EXERCISE AIM: The lines you return should be those containing the string "Flat", taken from the data below.

(Records drawn from a dataset)
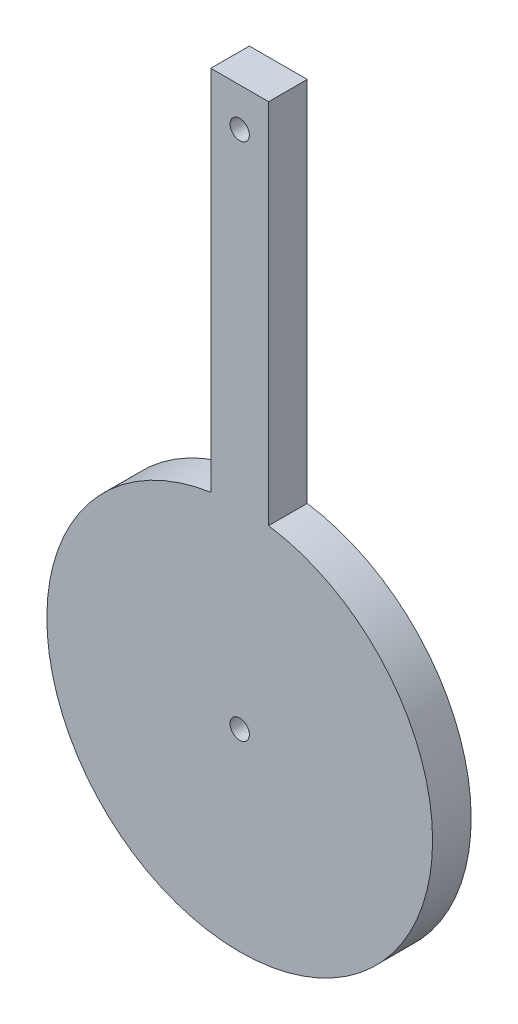
SolidWorks part; units mm, degrees
material "Custom Plastic"
ref_plane "Front Plane" through (0, 0, 0) normal (0, 0, 1) x (1, 0, 0)
ref_plane "Top Plane" through (0, 0, 0) normal (0, 1, 0) x (1, 0, 0)
ref_plane "Right Plane" through (0, 0, 0) normal (1, 0, 0) x (0, 0, -1)
sketch "Sketch2" plane through (0, 0, 0) normal (0, 0, 1) x (1, 0, 0)
  line L0 (7.5, 49.4343) -> (7.5, 144.62)
  line L1 (7.5, 144.62) -> (-7.5, 144.62)
  line L2 (-7.5, 144.62) -> (-7.5, 49.4343)
  line L3 (0, 0) -> (0, 144.62) construction
  arc A0 (-7.5, 49.4343) -> (7.5, 49.4343) centre (0, 0) ccw
  dimension "D1" = 50
  dimension "D2" = 15
  dimension "D3" = 15
  dimension "D4" = 144.62
base flange "Base-Flange1" sketch "Sketch2" thickness 10 reverse thickness direction no parameters "D1"=0.7366
sketch "Sketch7" plane through (0, 0, 0) normal (0, 0, 1) x (1, 0, 0)
  line L0 (7.5, 144.62) -> (-7.5, 144.62) construction
  line L1 (7.5, 49.4343) -> (7.5, 144.62) construction
  circle A0 centre (0, 134.62) radius 2.5
  circle A1 centre (0, 0) radius 2.5
  point P2 (0, 144.62)
  dimension "D1" = 5
  dimension "D2" = 10
  dimension "D3" = 7.5
extrude "Cut-Extrude1" cut sketch "Sketch7" against normal up to next normal cut yes
sketch "Bend-Lines1" [suppressed] plane through (0, 0, 0) normal (0, 1, 0) x (1, 0, 0)
sketch "Bounding-Box1" [suppressed] plane through (0, 0, 0) normal (0, 1, 0) x (1, 0, 0)
sheet metal parameters "Sheet-Metal1" thickness 10 parameters "D1"=0.7366
flat pattern "Flat-Pattern1" [suppressed]
sketch "Bend-Lines2" plane through (0, 0, 0) normal (0, 1, 0) x (1, 0, 0)
sketch "Bounding-Box2" [suppressed] plane through (0, 0, 0) normal (0, 1, 0) x (1, 0, 0)
sheet metal parameters "Sheet-Metal2" thickness 10 parameters "D1"=0.7366
flat pattern "Flat-Pattern1"
sketch "Bend-Lines2" plane through (0, 0, 0) normal (0, 1, 0) x (1, 0, 0)
sketch3d "Bounding-Box2" [suppressed]
  line L0 (35.6127, -61.0879, 0) -> (90.1741, 146.02, 0) construction
  line L1 (-61.0879, -35.6127, 0) -> (-6.5265, 171.4952, 0) construction
  line L2 (35.6127, -61.0879, 0) -> (-61.0879, -35.6127, 0) construction
  line L3 (90.1741, 146.02, 0) -> (-6.5265, 171.4952, 0) construction

ANSWER SECTION:
flat pattern "Flat-Pattern1" [suppressed]
flat pattern "Flat-Pattern1"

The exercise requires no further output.